* [What the task asks]:
Please give again, word for word, each line that falls between the line with "Bounding box: 63.3" and the end of the data, inclusive.

-------------------------

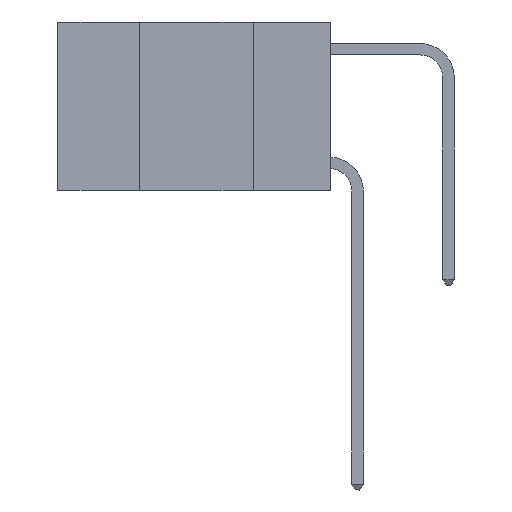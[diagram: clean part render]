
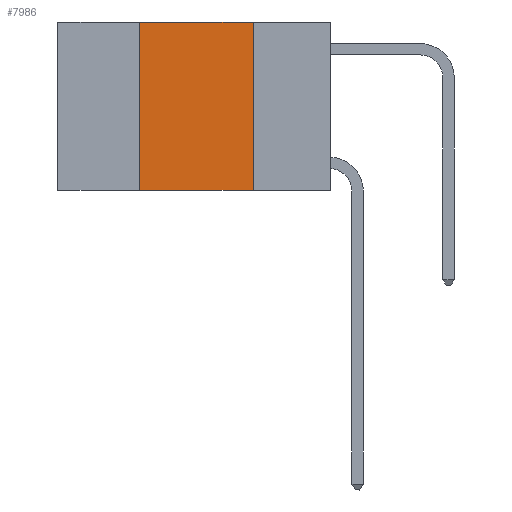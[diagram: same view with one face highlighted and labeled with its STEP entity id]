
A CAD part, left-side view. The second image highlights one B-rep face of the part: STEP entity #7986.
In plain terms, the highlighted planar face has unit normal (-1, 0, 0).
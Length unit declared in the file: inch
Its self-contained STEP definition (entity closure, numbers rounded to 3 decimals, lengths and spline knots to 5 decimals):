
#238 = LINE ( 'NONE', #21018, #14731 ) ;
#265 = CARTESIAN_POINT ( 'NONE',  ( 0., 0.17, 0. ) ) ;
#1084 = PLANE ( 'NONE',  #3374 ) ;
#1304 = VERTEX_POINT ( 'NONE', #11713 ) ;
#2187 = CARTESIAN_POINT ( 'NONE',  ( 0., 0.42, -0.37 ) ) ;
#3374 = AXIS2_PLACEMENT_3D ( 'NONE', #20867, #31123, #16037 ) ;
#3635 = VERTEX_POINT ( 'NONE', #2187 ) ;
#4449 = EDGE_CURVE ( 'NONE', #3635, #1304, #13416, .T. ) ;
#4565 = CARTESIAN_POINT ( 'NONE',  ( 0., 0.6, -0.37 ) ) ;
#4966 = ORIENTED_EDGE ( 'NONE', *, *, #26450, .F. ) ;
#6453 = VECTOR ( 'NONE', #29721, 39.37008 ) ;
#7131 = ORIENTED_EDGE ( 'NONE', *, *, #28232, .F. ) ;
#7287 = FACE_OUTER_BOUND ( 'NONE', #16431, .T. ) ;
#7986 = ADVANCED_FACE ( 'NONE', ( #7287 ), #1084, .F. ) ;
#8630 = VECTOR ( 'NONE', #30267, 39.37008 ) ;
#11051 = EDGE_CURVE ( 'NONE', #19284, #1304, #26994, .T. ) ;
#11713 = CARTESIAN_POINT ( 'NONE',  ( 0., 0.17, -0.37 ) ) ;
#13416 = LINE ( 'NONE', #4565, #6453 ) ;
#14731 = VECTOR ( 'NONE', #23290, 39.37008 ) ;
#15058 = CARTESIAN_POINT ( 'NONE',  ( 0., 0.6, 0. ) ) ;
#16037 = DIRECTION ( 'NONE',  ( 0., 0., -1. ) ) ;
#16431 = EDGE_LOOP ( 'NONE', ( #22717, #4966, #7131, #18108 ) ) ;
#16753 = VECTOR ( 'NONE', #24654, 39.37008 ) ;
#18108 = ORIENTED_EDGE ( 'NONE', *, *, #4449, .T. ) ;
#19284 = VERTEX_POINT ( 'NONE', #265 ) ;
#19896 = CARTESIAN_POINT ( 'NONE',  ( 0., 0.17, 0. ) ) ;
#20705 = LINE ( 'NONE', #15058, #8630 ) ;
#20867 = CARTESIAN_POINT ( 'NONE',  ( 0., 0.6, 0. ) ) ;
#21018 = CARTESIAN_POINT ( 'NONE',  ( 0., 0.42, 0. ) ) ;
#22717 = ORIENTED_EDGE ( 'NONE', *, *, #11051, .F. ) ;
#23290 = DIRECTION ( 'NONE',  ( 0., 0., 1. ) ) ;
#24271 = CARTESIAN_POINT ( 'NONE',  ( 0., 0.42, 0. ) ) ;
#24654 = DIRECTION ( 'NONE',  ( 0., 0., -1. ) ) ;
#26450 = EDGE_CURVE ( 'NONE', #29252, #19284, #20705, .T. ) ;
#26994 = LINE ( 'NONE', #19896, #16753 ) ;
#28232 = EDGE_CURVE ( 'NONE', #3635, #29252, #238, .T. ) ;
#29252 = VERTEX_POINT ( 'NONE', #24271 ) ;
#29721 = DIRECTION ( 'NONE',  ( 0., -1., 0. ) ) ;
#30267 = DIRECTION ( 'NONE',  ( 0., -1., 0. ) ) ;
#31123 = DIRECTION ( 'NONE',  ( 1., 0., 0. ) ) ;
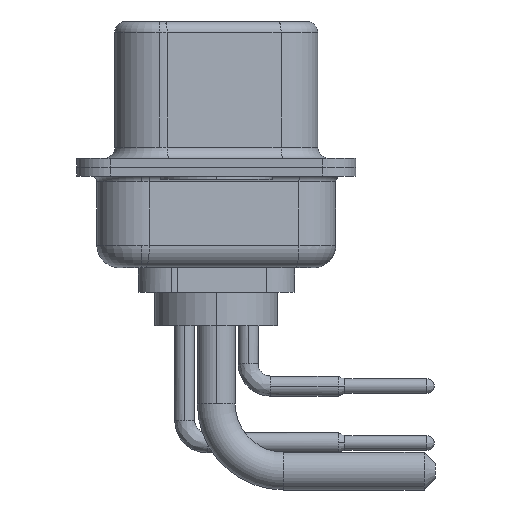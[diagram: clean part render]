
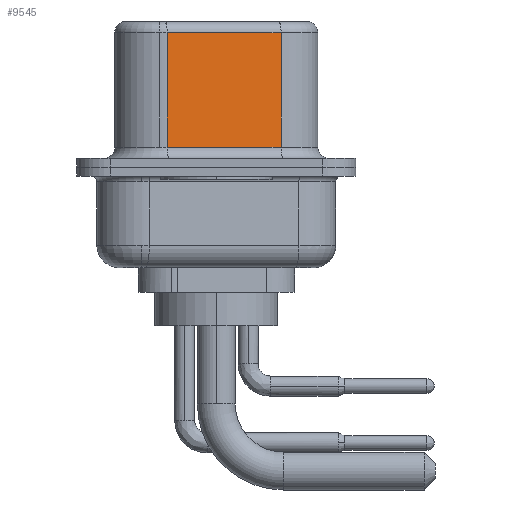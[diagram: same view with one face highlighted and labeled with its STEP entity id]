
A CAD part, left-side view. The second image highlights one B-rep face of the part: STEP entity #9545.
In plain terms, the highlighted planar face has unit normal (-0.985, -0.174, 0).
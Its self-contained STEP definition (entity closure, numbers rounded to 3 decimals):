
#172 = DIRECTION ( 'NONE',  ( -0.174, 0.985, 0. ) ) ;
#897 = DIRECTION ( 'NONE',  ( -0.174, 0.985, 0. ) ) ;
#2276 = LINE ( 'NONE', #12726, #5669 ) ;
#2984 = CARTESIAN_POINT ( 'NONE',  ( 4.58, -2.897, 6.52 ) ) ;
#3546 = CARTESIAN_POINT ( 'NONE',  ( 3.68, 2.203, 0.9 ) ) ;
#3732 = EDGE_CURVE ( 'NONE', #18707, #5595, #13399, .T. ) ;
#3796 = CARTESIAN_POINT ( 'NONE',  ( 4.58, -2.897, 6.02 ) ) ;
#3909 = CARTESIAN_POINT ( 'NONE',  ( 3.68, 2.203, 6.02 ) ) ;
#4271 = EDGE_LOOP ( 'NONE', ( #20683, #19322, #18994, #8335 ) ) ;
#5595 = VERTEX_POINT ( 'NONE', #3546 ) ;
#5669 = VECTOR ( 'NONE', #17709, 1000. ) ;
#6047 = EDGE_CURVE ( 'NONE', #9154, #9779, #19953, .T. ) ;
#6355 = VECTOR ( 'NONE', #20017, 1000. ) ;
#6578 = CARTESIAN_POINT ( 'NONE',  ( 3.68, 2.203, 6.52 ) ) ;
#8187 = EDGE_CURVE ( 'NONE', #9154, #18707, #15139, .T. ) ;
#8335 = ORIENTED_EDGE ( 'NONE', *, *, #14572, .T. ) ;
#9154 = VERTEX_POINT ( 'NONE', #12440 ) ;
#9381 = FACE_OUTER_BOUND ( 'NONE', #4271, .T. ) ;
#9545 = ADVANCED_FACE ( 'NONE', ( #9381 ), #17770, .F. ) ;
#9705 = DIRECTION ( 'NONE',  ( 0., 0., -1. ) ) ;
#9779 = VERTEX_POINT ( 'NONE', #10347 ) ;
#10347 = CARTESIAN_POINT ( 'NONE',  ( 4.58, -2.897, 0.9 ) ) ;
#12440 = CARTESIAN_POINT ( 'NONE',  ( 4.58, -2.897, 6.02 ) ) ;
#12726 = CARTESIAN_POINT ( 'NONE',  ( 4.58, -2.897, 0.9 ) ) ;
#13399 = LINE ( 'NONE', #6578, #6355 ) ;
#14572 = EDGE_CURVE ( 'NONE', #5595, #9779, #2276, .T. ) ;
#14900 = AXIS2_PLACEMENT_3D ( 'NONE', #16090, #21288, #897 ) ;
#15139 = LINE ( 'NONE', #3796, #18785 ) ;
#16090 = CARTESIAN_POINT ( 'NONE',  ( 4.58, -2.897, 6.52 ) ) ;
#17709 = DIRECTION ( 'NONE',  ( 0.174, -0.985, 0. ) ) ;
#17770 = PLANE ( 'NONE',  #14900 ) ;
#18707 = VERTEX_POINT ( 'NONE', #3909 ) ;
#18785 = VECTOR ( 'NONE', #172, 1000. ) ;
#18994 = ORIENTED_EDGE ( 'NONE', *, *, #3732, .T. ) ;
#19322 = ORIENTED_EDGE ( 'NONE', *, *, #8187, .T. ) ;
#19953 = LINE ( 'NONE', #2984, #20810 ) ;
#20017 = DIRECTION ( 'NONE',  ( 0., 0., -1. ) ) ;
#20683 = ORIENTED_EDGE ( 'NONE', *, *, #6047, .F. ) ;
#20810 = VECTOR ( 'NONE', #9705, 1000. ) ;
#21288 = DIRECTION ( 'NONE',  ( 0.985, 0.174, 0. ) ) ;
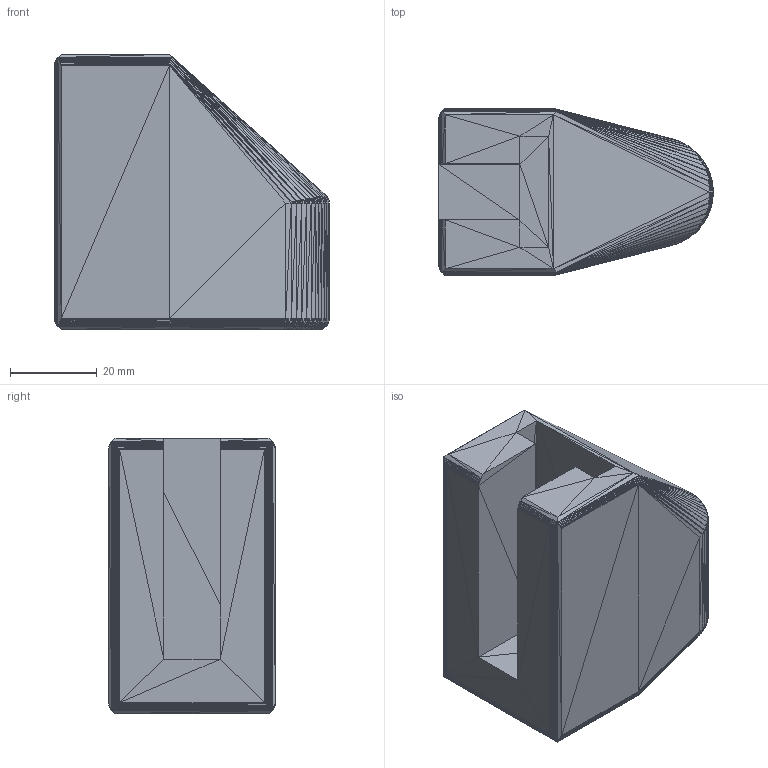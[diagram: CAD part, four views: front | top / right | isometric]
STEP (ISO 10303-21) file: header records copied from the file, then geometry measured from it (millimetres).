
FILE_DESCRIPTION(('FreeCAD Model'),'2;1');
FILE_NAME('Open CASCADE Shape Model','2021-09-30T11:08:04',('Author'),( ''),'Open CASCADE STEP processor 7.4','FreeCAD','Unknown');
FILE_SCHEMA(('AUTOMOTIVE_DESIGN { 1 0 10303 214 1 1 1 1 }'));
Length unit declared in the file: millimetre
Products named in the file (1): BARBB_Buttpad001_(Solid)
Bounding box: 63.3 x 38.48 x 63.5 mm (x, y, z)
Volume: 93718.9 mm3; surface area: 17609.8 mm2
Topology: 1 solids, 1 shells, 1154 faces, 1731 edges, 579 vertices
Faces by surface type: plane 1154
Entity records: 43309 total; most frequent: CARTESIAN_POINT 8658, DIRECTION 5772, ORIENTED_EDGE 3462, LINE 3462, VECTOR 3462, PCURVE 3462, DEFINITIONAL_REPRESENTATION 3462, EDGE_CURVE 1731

-------------------------

* [Your solution]:
Bounding box: 63.3 x 38.48 x 63.5 mm (x, y, z)
Volume: 93718.9 mm3; surface area: 17609.8 mm2
Topology: 1 solids, 1 shells, 1154 faces, 1731 edges, 579 vertices
Faces by surface type: plane 1154
Entity records: 43309 total; most frequent: CARTESIAN_POINT 8658, DIRECTION 5772, ORIENTED_EDGE 3462, LINE 3462, VECTOR 3462, PCURVE 3462, DEFINITIONAL_REPRESENTATION 3462, EDGE_CURVE 1731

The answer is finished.